In simpler words, Buddybuild is concerned with organizing the process of developing an app by building, testing and readying it for sharing it with testers. In 2014, Apple purchased the third-party service, TestFlight, which helps developers in testing and collecting the feedback for the iOS apps. Buddybuild does the same, but in a more comprehensive way.
How does the acquisition help Apple?
Google’s Android platform outsmarts the iPhone ecosystem in terms of the market share. However, when it comes to revenue, the App Store is a clear winner. Apple accounted for $11 billion of the total $17 billion generated in the third-quarter from the apps across the world excluding China, according to the data from App Annie.
Now, the acquisition of BuddyBuild could help Apple up the number of downloads, which is still behind Google’s Android. The Tim Cook-led company aims to increase its software and services revenue twofold by 2020. According to Pacific Crest analyst Andy Hargreaves, the App Store may be a major contributor in that growth.
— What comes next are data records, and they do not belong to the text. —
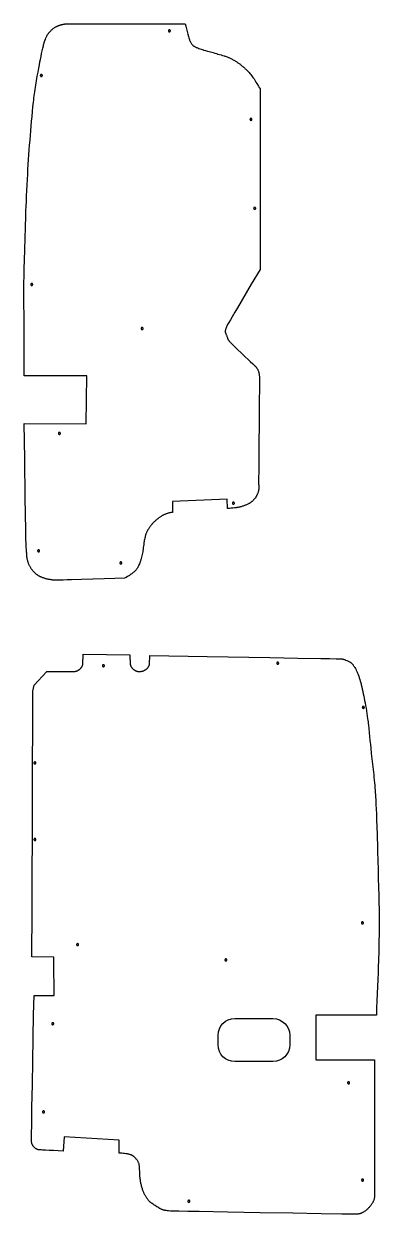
# Model space of a CAD drawing. Extents: x -780 to 1866, y -7095 to -85.
# Drawn here: x -780 to -80, y -4187 to -1840 of the extents above; entities that cross this region are included whole.
import ezdxf

# ---------------------------------------------------------------- set-up
doc = ezdxf.new("R2010")
doc.units = 0
doc.layers.add('DEFAULT_LAYER', color=1, linetype='CONTINUOUS')

msp = doc.modelspace()

# ---------------------------------------------------------------- linework, layer by layer
at = {"layer": 'DEFAULT_LAYER'}
for points in [[(-314.6, -2324.7), (-331.8, -2353.8), (-359.1, -2400.1), (-364.3, -2409), (-369.6, -2418), (-372.9, -2423.7), (-376.2, -2429.4), (-377.3, -2431.3), (-378.3, -2433.2), (-378.7, -2433.9), (-379.1, -2434.6), (-379.8, -2436.1), (-380.5, -2437.8), (-381.2, -2439.4), (-381.8, -2441.1), (-382.1, -2441.9), (-382.4, -2442.7), (-382.6, -2443.5), (-382.8, -2444.2), (-383, -2444.9), (-383.1, -2445.5), (-383.2, -2446.1), (-383.2, -2446.6), (-383.2, -2447), (-383.1, -2447.4), (-383.1, -2447.9), (-382.9, -2448.3), (-382.8, -2448.7), (-382.7, -2449.2), (-382.3, -2450), (-382, -2450.8), (-381.6, -2451.7), (-381.2, -2452.5), (-380.9, -2453.4), (-380.5, -2454.3), (-380.2, -2455.4), (-379.8, -2456.7), (-379.3, -2458), (-378.9, -2459.4), (-378.6, -2460.1), (-378.3, -2460.8), (-378, -2461.5), (-377.7, -2462.1), (-377.4, -2462.7), (-377.1, -2463.3), (-376.7, -2463.9), (-376.3, -2464.4), (-375.9, -2465), (-375.5, -2465.6), (-375, -2466.1), (-374.6, -2466.6), (-373.6, -2467.7), (-372.6, -2468.8), (-371.6, -2469.8), (-369.5, -2471.9), (-368.6, -2472.8), (-367, -2474.4), (-362, -2479.2), (-347.8, -2492.6), (-333.8, -2505.8), (-328.9, -2510.4), (-326.7, -2512.6), (-326, -2513.3), (-325.3, -2514), (-323.8, -2515.3), (-323.2, -2516), (-322.5, -2516.8), (-321.9, -2517.5), (-321.6, -2517.9), (-321.3, -2518.3), (-320.8, -2519.1), (-320.2, -2520.1), (-319.7, -2521), (-319.2, -2522), (-318.7, -2523), (-318.3, -2524.1), (-317.9, -2525.1), (-317.5, -2526.2), (-317.2, -2527.2), (-316.9, -2528.3), (-316.7, -2529.3), (-316.5, -2530.4), (-316.3, -2531.5), (-316.1, -2532.6), (-316, -2533.7), (-315.9, -2534.8), (-315.9, -2535.5), (-315.8, -2536.9), (-315.8, -2541.8), (-315.9, -2549.2), (-315.9, -2558.9), (-316.1, -2583.8), (-316.4, -2614.2), (-316.9, -2682.1), (-317.2, -2714.8), (-317.4, -2743.7), (-317.4, -2744.7), (-317.4, -2745.7), (-317.3, -2747.8), (-317.2, -2749.8), (-317, -2751.9), (-317, -2752.9), (-317, -2753.9), (-317, -2755), (-317, -2756), (-317, -2757), (-317.1, -2758), (-317.3, -2759), (-317.4, -2759.9), (-317.6, -2760.9), (-317.9, -2761.9), (-318.2, -2762.9), (-318.5, -2763.8), (-318.8, -2764.8), (-319.1, -2765.8), (-319.5, -2766.7), (-319.9, -2767.6), (-320.3, -2768.6), (-320.7, -2769.5), (-321.2, -2770.4), (-321.6, -2771.3), (-322.1, -2772.1), (-322.6, -2773), (-323.1, -2773.8), (-323.7, -2774.6), (-324.2, -2775.4), (-324.8, -2776.1), (-325.4, -2776.9), (-326, -2777.6), (-326.6, -2778.3), (-327.3, -2779), (-328, -2779.7), (-328.7, -2780.4), (-329.4, -2781.1), (-330.1, -2781.7), (-330.8, -2782.3), (-331.6, -2782.9), (-332.3, -2783.5), (-333.1, -2784.1), (-333.9, -2784.6), (-334.7, -2785.2), (-335.5, -2785.7), (-336.5, -2786.2), (-337.5, -2786.8), (-338.6, -2787.3), (-339.8, -2787.9), (-341, -2788.4), (-342.2, -2788.9), (-343.5, -2789.5), (-344.9, -2790), (-346.2, -2790.5), (-347.6, -2791), (-349, -2791.4), (-350.3, -2791.9), (-351.7, -2792.3), (-353, -2792.6), (-354.3, -2793), (-355.3, -2793.2), (-356.4, -2793.4), (-357.6, -2793.6), (-358.8, -2793.8), (-360.2, -2794), (-361.6, -2794.2), (-364.7, -2794.6), (-368, -2795), (-371.4, -2795.3), (-374.9, -2795.6), (-378.5, -2795.9), (-379.2, -2777.7), (-486.8, -2781.9), (-486.8, -2803.4), (-488.4, -2803.6), (-489.9, -2803.8), (-491.2, -2804.1), (-492.4, -2804.3), (-493.4, -2804.6), (-494.5, -2804.9), (-495.5, -2805.2), (-496.6, -2805.5), (-497.6, -2805.9), (-498.6, -2806.2), (-499.7, -2806.6), (-500.7, -2807), (-501.7, -2807.4), (-502.7, -2807.8), (-503.7, -2808.3), (-504.7, -2808.8), (-505.7, -2809.2), (-506.6, -2809.8), (-507.6, -2810.3), (-508.5, -2810.8), (-509.5, -2811.4), (-510.5, -2812), (-511.5, -2812.7), (-512.6, -2813.4), (-513.6, -2814.2), (-514.7, -2815), (-515.8, -2815.9), (-516.9, -2816.7), (-518, -2817.6), (-519.1, -2818.6), (-520.2, -2819.5), (-521.3, -2820.5), (-522.3, -2821.4), (-523.3, -2822.4), (-524.3, -2823.4), (-525.2, -2824.3), (-526.1, -2825.3), (-527, -2826.4), (-527.9, -2827.4), (-528.8, -2828.5), (-529.7, -2829.6), (-530.5, -2830.7), (-531.4, -2831.8), (-532.2, -2832.9), (-532.9, -2834.1), (-533.7, -2835.2), (-534.4, -2836.3), (-535.1, -2837.4), (-535.8, -2838.5), (-536.4, -2839.6), (-536.9, -2840.7), (-537.4, -2841.7), (-537.9, -2842.7), (-538.3, -2843.7), (-538.7, -2844.8), (-539.1, -2845.8), (-539.5, -2846.9), (-539.8, -2847.9), (-540.1, -2849), (-540.4, -2850.1), (-540.7, -2851.2), (-541, -2852.3), (-541.5, -2854.5), (-542, -2856.7), (-542.4, -2858.8), (-542.7, -2860), (-542.9, -2861.2), (-543.1, -2862.5), (-543.2, -2863.9), (-543.6, -2866.8), (-543.9, -2869.8), (-544.3, -2872.8), (-544.6, -2875.8), (-544.8, -2877.3), (-545, -2878.7), (-545.2, -2880), (-545.5, -2881.3), (-545.9, -2883.8), (-546.5, -2886.4), (-547, -2888.9), (-547.6, -2891.5), (-548.3, -2894), (-548.6, -2895.2), (-548.9, -2896.4), (-549.3, -2897.5), (-549.7, -2898.7), (-550, -2899.7), (-550.4, -2900.8), (-551.2, -2902.9), (-552, -2905), (-552.9, -2907.1), (-553.4, -2908.1), (-553.9, -2909.1), (-554.4, -2910.1), (-554.9, -2911.1), (-555.4, -2912.1), (-556, -2913), (-556.5, -2913.9), (-557.1, -2914.8), (-557.7, -2915.6), (-558.3, -2916.4), (-558.9, -2917.1), (-559.5, -2917.9), (-560.2, -2918.6), (-560.9, -2919.3), (-561.7, -2920), (-562.4, -2920.7), (-563.2, -2921.4), (-564, -2922), (-565.5, -2923.3), (-567.1, -2924.4), (-568.5, -2925.5), (-569.9, -2926.5), (-570.6, -2927), (-571.3, -2927.5), (-572.7, -2928.4), (-574.1, -2929.2), (-575.5, -2930.1), (-578.4, -2931.7), (-579.8, -2932.5), (-581.2, -2933.4), (-600.2, -2933.9), (-621.6, -2934.5), (-665.7, -2935.8), (-685.7, -2936.4), (-694.5, -2936.6), (-702.4, -2936.8), (-709.1, -2937), (-714.4, -2937.1), (-716.5, -2937.1), (-718.2, -2937.1), (-719.5, -2937.1), (-720.3, -2937), (-721.5, -2936.9), (-722.8, -2936.8), (-724.1, -2936.6), (-725.3, -2936.4), (-726.6, -2936.2), (-727.9, -2936), (-729.2, -2935.8), (-730.5, -2935.6), (-731.7, -2935.3), (-732.9, -2935.1), (-734.1, -2934.8), (-735.3, -2934.5), (-736.4, -2934.2), (-737.4, -2933.9), (-738.4, -2933.6), (-739.3, -2933.3), (-741.1, -2932.7), (-742.8, -2932.1), (-744.6, -2931.4), (-745.5, -2931), (-746.3, -2930.6), (-747.2, -2930.2), (-748, -2929.8), (-748.8, -2929.4), (-749.6, -2928.9), (-750.5, -2928.5), (-751.2, -2928), (-752, -2927.4), (-752.8, -2926.9), (-753.6, -2926.3), (-754.4, -2925.7), (-755.2, -2925), (-756, -2924.3), (-756.9, -2923.6), (-757.7, -2922.8), (-758.6, -2922), (-759.4, -2921.1), (-760.3, -2920.2), (-761.1, -2919.3), (-761.9, -2918.4), (-762.7, -2917.5), (-763.4, -2916.6), (-764.2, -2915.6), (-764.9, -2914.7), (-765.5, -2913.7), (-766.1, -2912.7), (-766.7, -2911.7), (-767.3, -2910.7), (-767.8, -2909.7), (-768.3, -2908.7), (-768.8, -2907.6), (-769.3, -2906.5), (-769.7, -2905.4), (-770.2, -2904.4), (-770.6, -2903.3), (-770.9, -2902.2), (-771.3, -2901.1), (-771.6, -2900), (-771.9, -2899), (-772.2, -2897.9), (-772.5, -2896.9), (-772.7, -2895.8), (-773, -2894.7), (-773.1, -2893.6), (-773.3, -2892.5), (-773.4, -2891.4), (-773.5, -2890.3), (-773.6, -2889.2), (-773.7, -2888), (-773.8, -2885.8), (-773.9, -2883.7), (-774, -2881.7), (-774.2, -2879.9), (-774.4, -2876.4), (-774.7, -2872.9), (-775, -2869.4), (-775.1, -2867.7), (-775.1, -2866), (-775.2, -2863.4), (-775.3, -2857.7), (-775.6, -2838), (-776.6, -2775.1), (-777.7, -2698.2), (-778.8, -2628.3), (-656.6, -2628.7), (-655.8, -2534.1), (-779, -2534.6), (-778.8, -2509.5), (-778.6, -2485.8), (-778.7, -2425.7), (-778.8, -2418.5), (-779, -2411.2), (-779.3, -2396.7), (-779.4, -2389.5), (-779.5, -2382.2), (-779.5, -2375), (-779.5, -2371.4), (-779.5, -2367.7), (-779.5, -2363.9), (-779.4, -2359.6), (-779.4, -2354.9), (-779.3, -2349.8), (-779, -2338.9), (-778.7, -2327), (-778, -2302.3), (-777.6, -2290.1), (-777.3, -2278.5), (-777.1, -2269.8), (-776.9, -2261.1), (-776.4, -2243.7), (-776.2, -2234.9), (-775.9, -2226.2), (-775.7, -2217.5), (-775.3, -2208.8), (-775, -2199.7), (-774.6, -2189.8), (-774.1, -2179.5), (-773.6, -2168.8), (-773.1, -2158), (-772.5, -2147.4), (-771.9, -2137), (-771.4, -2127.2), (-770.8, -2117.7), (-770.1, -2108.1), (-769.5, -2098.5), (-768.8, -2089), (-768.1, -2079.4), (-767.4, -2070), (-766.6, -2060.6), (-765.8, -2051.4), (-764.2, -2032.6), (-763.4, -2023.1), (-762.5, -2013.6), (-761.6, -2004.2), (-761.1, -1999.6), (-760.6, -1995.2), (-760.1, -1990.8), (-759.6, -1986.5), (-759.1, -1982.3), (-758.6, -1978.3), (-758, -1974.3), (-757.4, -1970.1), (-756.7, -1965.8), (-756.1, -1961.4), (-755.3, -1957), (-754.6, -1952.6), (-753.8, -1948.2), (-753.1, -1943.9), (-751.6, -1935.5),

This acquisition would also strengthen Apple’s coding platform – known as Xcode. Over the years, the company has taken several steps to improve the Xcode, like releasing new and simpler language, developing a revenue-sharing model for subscription apps and moving a major part of its software research out in the open, according to CNBC. Apple also acquired Workflow.
About two years back, when Apple started releasing these changes, developers stated that there are certain drawbacks in the company’s ecosystem, including the incapability to fix bugs. The developers also stated that start-ups and small staffs were finding it hard to catch up with the frequency at which Apple was rolling out the new iOS system, notes CNBC.
Hopefully all these issues are now resolved. The Cupertino, California-based company is well aware of developers’ role in the success of its eco system. Apple starts with offering powerful tools to the developers, who in turn use these to create a successful app, which attracts the consumers to the platform – a win for Apple and app developers alike.